> [THE TASK] Filter by the string "ezdxf": return the lines of the material that contain it.

> [DATA SECTION]
--
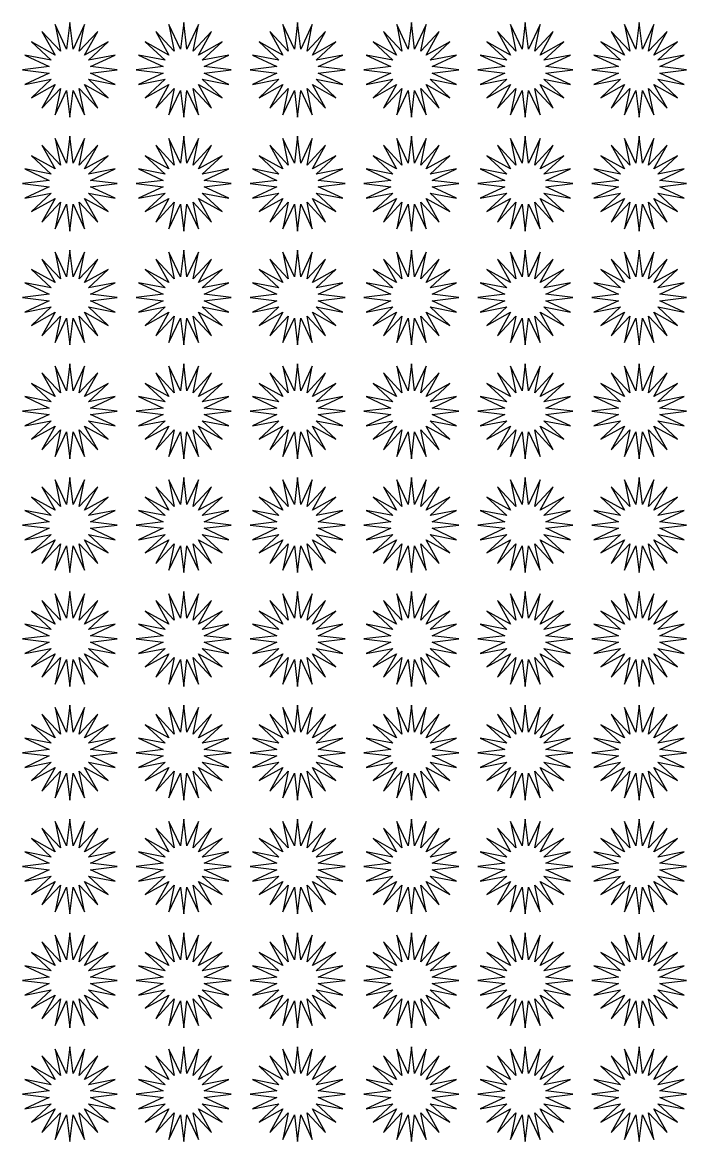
# Model space of a CAD drawing. Header units: millimetres. Extents: x 5 to 603, y 5 to 123.
# Drawn here: x 5 to 75, y 5 to 123 of the extents above; entities that cross this region are included whole.
import ezdxf

# ---------------------------------------------------------------- set-up
doc = ezdxf.new("R2010")
doc.units = ezdxf.units.MM
doc.layers.add('CUT', color=7, linetype='Continuous')

msp = doc.modelspace()

# ---------------------------------------------------------------- linework, layer by layer
at = {"layer": 'CUT'}
for points in [[(10, 113), (10.34, 115.83), (11.55, 113.24), (11, 116.04), (12.94, 113.95), (11.56, 116.44), (14.05, 115.06), (11.96, 117), (14.76, 116.45), (12.17, 117.66), (15, 118), (12.17, 118.34), (14.76, 119.55), (11.96, 119), (14.05, 120.94), (11.56, 119.56), (12.94, 122.05), (11, 119.96), (11.55, 122.76), (10.34, 120.17), (10, 123), (9.66, 120.17), (8.45, 122.76), (9, 119.96), (7.06, 122.05), (8.44, 119.56), (5.95, 120.94), (8.04, 119), (5.24, 119.55), (7.83, 118.34), (5, 118), (7.83, 117.66), (5.24, 116.45), (8.04, 117), (5.95, 115.06), (8.44, 116.44), (7.06, 113.95), (9, 116.04), (8.45, 113.24), (9.66, 115.83)], [(22, 113), (22.34, 115.83), (23.55, 113.24), (23, 116.04), (24.94, 113.95), (23.56, 116.44), (26.05, 115.06), (23.96, 117), (26.76, 116.45), (24.17, 117.66), (27, 118), (24.17, 118.34), (26.76, 119.55), (23.96, 119), (26.05, 120.94), (23.56, 119.56), (24.94, 122.05), (23, 119.96), (23.55, 122.76), (22.34, 120.17), (22, 123), (21.66, 120.17), (20.45, 122.76), (21, 119.96), (19.06, 122.05), (20.44, 119.56), (17.95, 120.94), (20.04, 119), (17.24, 119.55), (19.83, 118.34), (17, 118), (19.83, 117.66), (17.24, 116.45), (20.04, 117), (17.95, 115.06), (20.44, 116.44), (19.06, 113.95), (21, 116.04), (20.45, 113.24), (21.66, 115.83)], [(34, 113), (34.34, 115.83), (35.55, 113.24), (35, 116.04), (36.94, 113.95), (35.56, 116.44), (38.05, 115.06), (35.96, 117), (38.76, 116.45), (36.17, 117.66), (39, 118), (36.17, 118.34), (38.76, 119.55), (35.96, 119), (38.05, 120.94), (35.56, 119.56), (36.94, 122.05), (35, 119.96), (35.55, 122.76), (34.34, 120.17), (34, 123), (33.66, 120.17), (32.45, 122.76), (33, 119.96), (31.06, 122.05), (32.44, 119.56), (29.95, 120.94), (32.04, 119), (29.24, 119.55), (31.83, 118.34), (29, 118), (31.83, 117.66), (29.24, 116.45), (32.04, 117), (29.95, 115.06), (32.44, 116.44), (31.06, 113.95), (33, 116.04), (32.45, 113.24), (33.66, 115.83)], [(46, 113), (46.34, 115.83), (47.55, 113.24), (47, 116.04), (48.94, 113.95), (47.56, 116.44), (50.05, 115.06), (47.96, 117), (50.76, 116.45), (48.17, 117.66), (51, 118), (48.17, 118.34), (50.76, 119.55), (47.96, 119), (50.05, 120.94), (47.56, 119.56), (48.94, 122.05), (47, 119.96), (47.55, 122.76), (46.34, 120.17), (46, 123), (45.66, 120.17), (44.45, 122.76), (45, 119.96), (43.06, 122.05), (44.44, 119.56), (41.95, 120.94), (44.04, 119), (41.24, 119.55), (43.83, 118.34), (41, 118), (43.83, 117.66), (41.24, 116.45), (44.04, 117), (41.95, 115.06), (44.44, 116.44), (43.06, 113.95), (45, 116.04), (44.45, 113.24), (45.66, 115.83)], [(58, 113), (58.34, 115.83), (59.55, 113.24), (59, 116.04), (60.94, 113.95), (59.56, 116.44), (62.05, 115.06), (59.96, 117), (62.76, 116.45), (60.17, 117.66), (63, 118), (60.17, 118.34), (62.76, 119.55), (59.96, 119), (62.05, 120.94), (59.56, 119.56), (60.94, 122.05), (59, 119.96), (59.55, 122.76), (58.34, 120.17), (58, 123), (57.66, 120.17), (56.45, 122.76), (57, 119.96), (55.06, 122.05), (56.44, 119.56), (53.95, 120.94), (56.04, 119), (53.24, 119.55), (55.83, 118.34), (53, 118), (55.83, 117.66), (53.24, 116.45), (56.04, 117), (53.95, 115.06), (56.44, 116.44), (55.06, 113.95), (57, 116.04), (56.45, 113.24), (57.66, 115.83)], [(70, 113), (70.34, 115.83), (71.55, 113.24), (71, 116.04), (72.94, 113.95), (71.56, 116.44), (74.05, 115.06), (71.96, 117), (74.76, 116.45), (72.17, 117.66), (75, 118), (72.17, 118.34), (74.76, 119.55), (71.96, 119), (74.05, 120.94), (71.56, 119.56), (72.94, 122.05), (71, 119.96), (71.55, 122.76), (70.34, 120.17), (70, 123), (69.66, 120.17), (68.45, 122.76), (69, 119.96), (67.06, 122.05), (68.44, 119.56), (65.95, 120.94), (68.04, 119), (65.24, 119.55), (67.83, 118.34), (65, 118), (67.83, 117.66), (65.24, 116.45), (68.04, 117), (65.95, 115.06), (68.44, 116.44), (67.06, 113.95), (69, 116.04), (68.45, 113.24), (69.66, 115.83)], [(10, 101), (10.34, 103.83), (11.55, 101.24), (11, 104.04), (12.94, 101.95), (11.56, 104.44), (14.05, 103.06), (11.96, 105), (14.76, 104.45), (12.17, 105.66), (15, 106), (12.17, 106.34), (14.76, 107.55), (11.96, 107), (14.05, 108.94), (11.56, 107.56), (12.94, 110.05), (11, 107.96), (11.55, 110.76), (10.34, 108.17), (10, 111), (9.66, 108.17), (8.45, 110.76), (9, 107.96), (7.06, 110.05), (8.44, 107.56), (5.95, 108.94), (8.04, 107), (5.24, 107.55), (7.83, 106.34), (5, 106), (7.83, 105.66), (5.24, 104.45), (8.04, 105), (5.95, 103.06), (8.44, 104.44), (7.06, 101.95), (9, 104.04), (8.45, 101.24), (9.66, 103.83)], [(22, 101), (22.34, 103.83), (23.55, 101.24), (23, 104.04), (24.94, 101.95), (23.56, 104.44), (26.05, 103.06), (23.96, 105), (26.76, 104.45), (24.17, 105.66), (27, 106), (24.17, 106.34), (26.76, 107.55), (23.96, 107), (26.05, 108.94), (23.56, 107.56), (24.94, 110.05), (23, 107.96), (23.55, 110.76), (22.34, 108.17), (22, 111), (21.66, 108.17), (20.45, 110.76), (21, 107.96), (19.06, 110.05), (20.44, 107.56), (17.95, 108.94), (20.04, 107), (17.24, 107.55), (19.83, 106.34), (17, 106), (19.83, 105.66), (17.24, 104.45), (20.04, 105), (17.95, 103.06), (20.44, 104.44), (19.06, 101.95), (21, 104.04), (20.45, 101.24), (21.66, 103.83)], [(34, 101), (34.34, 103.83), (35.55, 101.24), (35, 104.04), (36.94, 101.95), (35.56, 104.44), (38.05, 103.06), (35.96, 105), (38.76, 104.45), (36.17, 105.66), (39, 106), (36.17, 106.34), (38.76, 107.55), (35.96, 107), (38.05, 108.94), (35.56, 107.56), (36.94, 110.05), (35, 107.96), (35.55, 110.76), (34.34, 108.17), (34, 111), (33.66, 108.17), (32.45, 110.76), (33, 107.96), (31.06, 110.05), (32.44, 107.56), (29.95, 108.94), (32.04, 107), (29.24, 107.55), (31.83, 106.34), (29, 106), (31.83, 105.66), (29.24, 104.45), (32.04, 105), (29.95, 103.06), (32.44, 104.44), (31.06, 101.95), (33, 104.04), (32.45, 101.24), (33.66, 103.83)], [(46, 101), (46.34, 103.83), (47.55, 101.24), (47, 104.04), (48.94, 101.95), (47.56, 104.44), (50.05, 103.06), (47.96, 105), (50.76, 104.45), (48.17, 105.66), (51, 106), (48.17, 106.34), (50.76, 107.55), (47.96, 107), (50.05, 108.94), (47.56, 107.56), (48.94, 110.05), (47, 107.96), (47.55, 110.76), (46.34, 108.17), (46, 111), (45.66, 108.17), (44.45, 110.76), (45, 107.96), (43.06, 110.05), (44.44, 107.56), (41.95, 108.94), (44.04, 107), (41.24, 107.55), (43.83, 106.34), (41, 106), (43.83, 105.66), (41.24, 104.45), (44.04, 105), (41.95, 103.06), (44.44, 104.44), (43.06, 101.95), (45, 104.04), (44.45, 101.24), (45.66, 103.83)], [(58, 101), (58.34, 103.83), (59.55, 101.24), (59, 104.04), (60.94, 101.95), (59.56, 104.44), (62.05, 103.06), (59.96, 105), (62.76, 104.45), (60.17, 105.66), (63, 106), (60.17, 106.34), (62.76, 107.55), (59.96, 107), (62.05, 108.94), (59.56, 107.56), (60.94, 110.05), (59, 107.96), (59.55, 110.76), (58.34, 108.17), (58, 111), (57.66, 108.17), (56.45, 110.76), (57, 107.96), (55.06, 110.05), (56.44, 107.56), (53.95, 108.94), (56.04, 107), (53.24, 107.55), (55.83, 106.34), (53, 106), (55.83, 105.66), (53.24, 104.45), (56.04, 105), (53.95, 103.06), (56.44, 104.44), (55.06, 101.95), (57, 104.04), (56.45, 101.24), (57.66, 103.83)], [(70, 101), (70.34, 103.83), (71.55, 101.24), (71, 104.04), (72.94, 101.95), (71.56, 104.44), (74.05, 103.06), (71.96, 105), (74.76, 104.45), (72.17, 105.66), (75, 106), (72.17, 106.34), (74.76, 107.55), (71.96, 107), (74.05, 108.94), (71.56, 107.56), (72.94, 110.05), (71, 107.96), (71.55, 110.76), (70.34, 108.17), (70, 111), (69.66, 108.17), (68.45, 110.76), (69, 107.96), (67.06, 110.05), (68.44, 107.56), (65.95, 108.94), (68.04, 107), (65.24, 107.55), (67.83, 106.34), (65, 106), (67.83, 105.66), (65.24, 104.45), (68.04, 105), (65.95, 103.06), (68.44, 104.44), (67.06, 101.95), (69, 104.04), (68.45, 101.24), (69.66, 103.83)], [(10, 89), (10.34, 91.83), (11.55, 89.24), (11, 92.04), (12.94, 89.95), (11.56, 92.44), (14.05, 91.06), (11.96, 93), (14.76, 92.45), (12.17, 93.66), (15, 94), (12.17, 94.34), (14.76, 95.55), (11.96, 95), (14.05, 96.94), (11.56, 95.56), (12.94, 98.05), (11, 95.96), (11.55, 98.76), (10.34, 96.17), (10, 99), (9.66, 96.17), (8.45, 98.76), (9, 95.96), (7.06, 98.05), (8.44, 95.56), (5.95, 96.94), (8.04, 95), (5.24, 95.55), (7.83, 94.34), (5, 94), (7.83, 93.66), (5.24, 92.45), (8.04, 93), (5.95, 91.06), (8.44, 92.44), (7.06, 89.95), (9, 92.04), (8.45, 89.24), (9.66, 91.83)], [(22, 89), (22.34, 91.83), (23.55, 89.24), (23, 92.04), (24.94, 89.95), (23.56, 92.44), (26.05, 91.06), (23.96, 93), (26.76, 92.45), (24.17, 93.66), (27, 94), (24.17, 94.34), (26.76, 95.55), (23.96, 95), (26.05, 96.94), (23.56, 95.56), (24.94, 98.05), (23, 95.96), (23.55, 98.76), (22.34, 96.17), (22, 99), (21.66, 96.17), (20.45, 98.76), (21, 95.96), (19.06, 98.05), (20.44, 95.56), (17.95, 96.94), (20.04, 95), (17.24, 95.55), (19.83, 94.34), (17, 94), (19.83, 93.66), (17.24, 92.45), (20.04, 93), (17.95, 91.06), (20.44, 92.44), (19.06, 89.95), (21, 92.04), (20.45, 89.24), (21.66, 91.83)], [(34, 89), (34.34, 91.83), (35.55, 89.24), (35, 92.04), (36.94, 89.95), (35.56, 92.44), (38.05, 91.06), (35.96, 93), (38.76, 92.45), (36.17, 93.66), (39, 94), (36.17, 94.34), (38.76, 95.55), (35.96, 95), (38.05, 96.94), (35.56, 95.56), (36.94, 98.05), (35, 95.96), (35.55, 98.76), (34.34, 96.17), (34, 99), (33.66, 96.17), (32.45, 98.76), (33, 95.96), (31.06, 98.05), (32.44, 95.56), (29.95, 96.94), (32.04, 95), (29.24, 95.55), (31.83, 94.34), (29, 94), (31.83, 93.66), (29.24, 92.45), (32.04, 93), (29.95, 91.06), (32.44, 92.44), (31.06, 89.95), (33, 92.04), (32.45, 89.24), (33.66, 91.83)], [(46, 89), (46.34, 91.83), (47.55, 89.24), (47, 92.04), (48.94, 89.95), (47.56, 92.44), (50.05, 91.06), (47.96, 93), (50.76, 92.45), (48.17, 93.66), (51, 94), (48.17, 94.34), (50.76, 95.55), (47.96, 95), (50.05, 96.94), (47.56, 95.56), (48.94, 98.05), (47, 95.96), (47.55, 98.76), (46.34, 96.17), (46, 99), (45.66, 96.17), (44.45, 98.76), (45, 95.96), (43.06, 98.05), (44.44, 95.56), (41.95, 96.94), (44.04, 95), (41.24, 95.55), (43.83, 94.34), (41, 94), (43.83, 93.66), (41.24, 92.45), (44.04, 93), (41.95, 91.06), (44.44, 92.44), (43.06, 89.95), (45, 92.04), (44.45, 89.24), (45.66, 91.83)], [(58, 89), (58.34, 91.83), (59.55, 89.24), (59, 92.04), (60.94, 89.95), (59.56, 92.44), (62.05, 91.06), (59.96, 93), (62.76, 92.45), (60.17, 93.66), (63, 94), (60.17, 94.34), (62.76, 95.55), (59.96, 95), (62.05, 96.94), (59.56, 95.56), (60.94, 98.05), (59, 95.96), (59.55, 98.76), (58.34, 96.17), (58, 99), (57.66, 96.17), (56.45, 98.76), (57, 95.96), (55.06, 98.05), (56.44, 95.56), (53.95, 96.94), (56.04, 95), (53.24, 95.55), (55.83, 94.34), (53, 94), (55.83, 93.66), (53.24, 92.45), (56.04, 93), (53.95, 91.06), (56.44, 92.44), (55.06, 89.95), (57, 92.04), (56.45, 89.24), (57.66, 91.83)], [(70, 89), (70.34, 91.83), (71.55, 89.24), (71, 92.04), (72.94, 89.95), (71.56, 92.44), (74.05, 91.06), (71.96, 93), (74.76, 92.45), (72.17, 93.66), (75, 94), (72.17, 94.34), (74.76, 95.55), (71.96, 95), (74.05, 96.94), (71.56, 95.56), (72.94, 98.05), (71, 95.96), (71.55, 98.76), (70.34, 96.17), (70, 99), (69.66, 96.17), (68.45, 98.76), (69, 95.96), (67.06, 98.05), (68.44, 95.56), (65.95, 96.94), (68.04, 95), (65.24, 95.55), (67.83, 94.34), (65, 94), (67.83, 93.66), (65.24, 92.45), (68.04, 93), (65.95, 91.06), (68.44, 92.44), (67.06, 89.95), (69, 92.04), (68.45, 89.24), (69.66, 91.83)], [(10, 77), (10.34, 79.83), (11.55, 77.24), (11, 80.04), (12.94, 77.95), (11.56, 80.44), (14.05, 79.06), (11.96, 81), (14.76, 80.45), (12.17, 81.66), (15, 82), (12.17, 82.34), (14.76, 83.55), (11.96, 83), (14.05, 84.94), (11.56, 83.56), (12.94, 86.05), (11, 83.96), (11.55, 86.76), (10.34, 84.17), (10, 87), (9.66, 84.17), (8.45, 86.76), (9, 83.96), (7.06, 86.05), (8.44, 83.56), (5.95, 84.94), (8.04, 83), (5.24, 83.55), (7.83, 82.34), (5, 82), (7.83, 81.66), (5.24, 80.45), (8.04, 81), (5.95, 79.06), (8.44, 80.44), (7.06, 77.95), (9, 80.04), (8.45, 77.24), (9.66, 79.83)], [(22, 77), (22.34, 79.83), (23.55, 77.24), (23, 80.04), (24.94, 77.95), (23.56, 80.44), (26.05, 79.06), (23.96, 81), (26.76, 80.45), (24.17, 81.66), (27, 82), (24.17, 82.34), (26.76, 83.55), (23.96, 83), (26.05, 84.94), (23.56, 83.56), (24.94, 86.05), (23, 83.96), (23.55, 86.76), (22.34, 84.17), (22, 87), (21.66, 84.17), (20.45, 86.76), (21, 83.96), (19.06, 86.05), (20.44, 83.56), (17.95, 84.94), (20.04, 83), (17.24, 83.55), (19.83, 82.34), (17, 82), (19.83, 81.66), (17.24, 80.45), (20.04, 81), (17.95, 79.06), (20.44, 80.44), (19.06, 77.95), (21, 80.04), (20.45, 77.24), (21.66, 79.83)], [(34, 77), (34.34, 79.83), (35.55, 77.24), (35, 80.04), (36.94, 77.95), (35.56, 80.44), (38.05, 79.06), (35.96, 81), (38.76, 80.45), (36.17, 81.66), (39, 82), (36.17, 82.34), (38.76, 83.55), (35.96, 83), (38.05, 84.94), (35.56, 83.56), (36.94, 86.05), (35, 83.96), (35.55, 86.76), (34.34, 84.17), (34, 87), (33.66, 84.17), (32.45, 86.76), (33, 83.96), (31.06, 86.05), (32.44, 83.56), (29.95, 84.94), (32.04, 83), (29.24, 83.55), (31.83, 82.34), (29, 82), (31.83, 81.66), (29.24, 80.45), (32.04, 81), (29.95, 79.06), (32.44, 80.44), (31.06, 77.95), (33, 80.04), (32.45, 77.24), (33.66, 79.83)], [(46, 77), (46.34, 79.83), (47.55, 77.24), (47, 80.04), (48.94, 77.95), (47.56, 80.44), (50.05, 79.06), (47.96, 81), (50.76, 80.45), (48.17, 81.66), (51, 82), (48.17, 82.34), (50.76, 83.55), (47.96, 83), (50.05, 84.94), (47.56, 83.56), (48.94, 86.05), (47, 83.96), (47.55, 86.76), (46.34, 84.17), (46, 87), (45.66, 84.17), (44.45, 86.76), (45, 83.96), (43.06, 86.05), (44.44, 83.56), (41.95, 84.94), (44.04, 83), (41.24, 83.55), (43.83, 82.34), (41, 82), (43.83, 81.66), (41.24, 80.45), (44.04, 81), (41.95, 79.06), (44.44, 80.44), (43.06, 77.95), (45, 80.04), (44.45, 77.24), (45.66, 79.83)], [(58, 77), (58.34, 79.83), (59.55, 77.24), (59, 80.04), (60.94, 77.95), (59.56, 80.44), (62.05, 79.06), (59.96, 81), (62.76, 80.45), (60.17, 81.66), (63, 82), (60.17, 82.34), (62.76, 83.55), (59.96, 83), (62.05, 84.94), (59.56, 83.56), (60.94, 86.05), (59, 83.96), (59.55, 86.76), (58.34, 84.17), (58, 87), (57.66, 84.17), (56.45, 86.76), (57, 83.96), (55.06, 86.05), (56.44, 83.56), (53.95, 84.94), (56.04, 83), (53.24, 83.55), (55.83, 82.34), (53, 82), (55.83, 81.66), (53.24, 80.45), (56.04, 81), (53.95, 79.06), (56.44, 80.44), (55.06, 77.95), (57, 80.04), (56.45, 77.24), (57.66, 79.83)], [(70, 77), (70.34, 79.83), (71.55, 77.24), (71, 80.04), (72.94, 77.95), (71.56, 80.44), (74.05, 79.06), (71.96, 81), (74.76, 80.45), (72.17, 81.66), (75, 82), (72.17, 82.34), (74.76, 83.55), (71.96, 83), (74.05, 84.94), (71.56, 83.56), (72.94, 86.05), (71, 83.96), (71.55, 86.76), (70.34, 84.17), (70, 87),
--
> [EXERCISE OUTPUT]
import ezdxf
doc = ezdxf.new("R2010")
doc.units = ezdxf.units.MM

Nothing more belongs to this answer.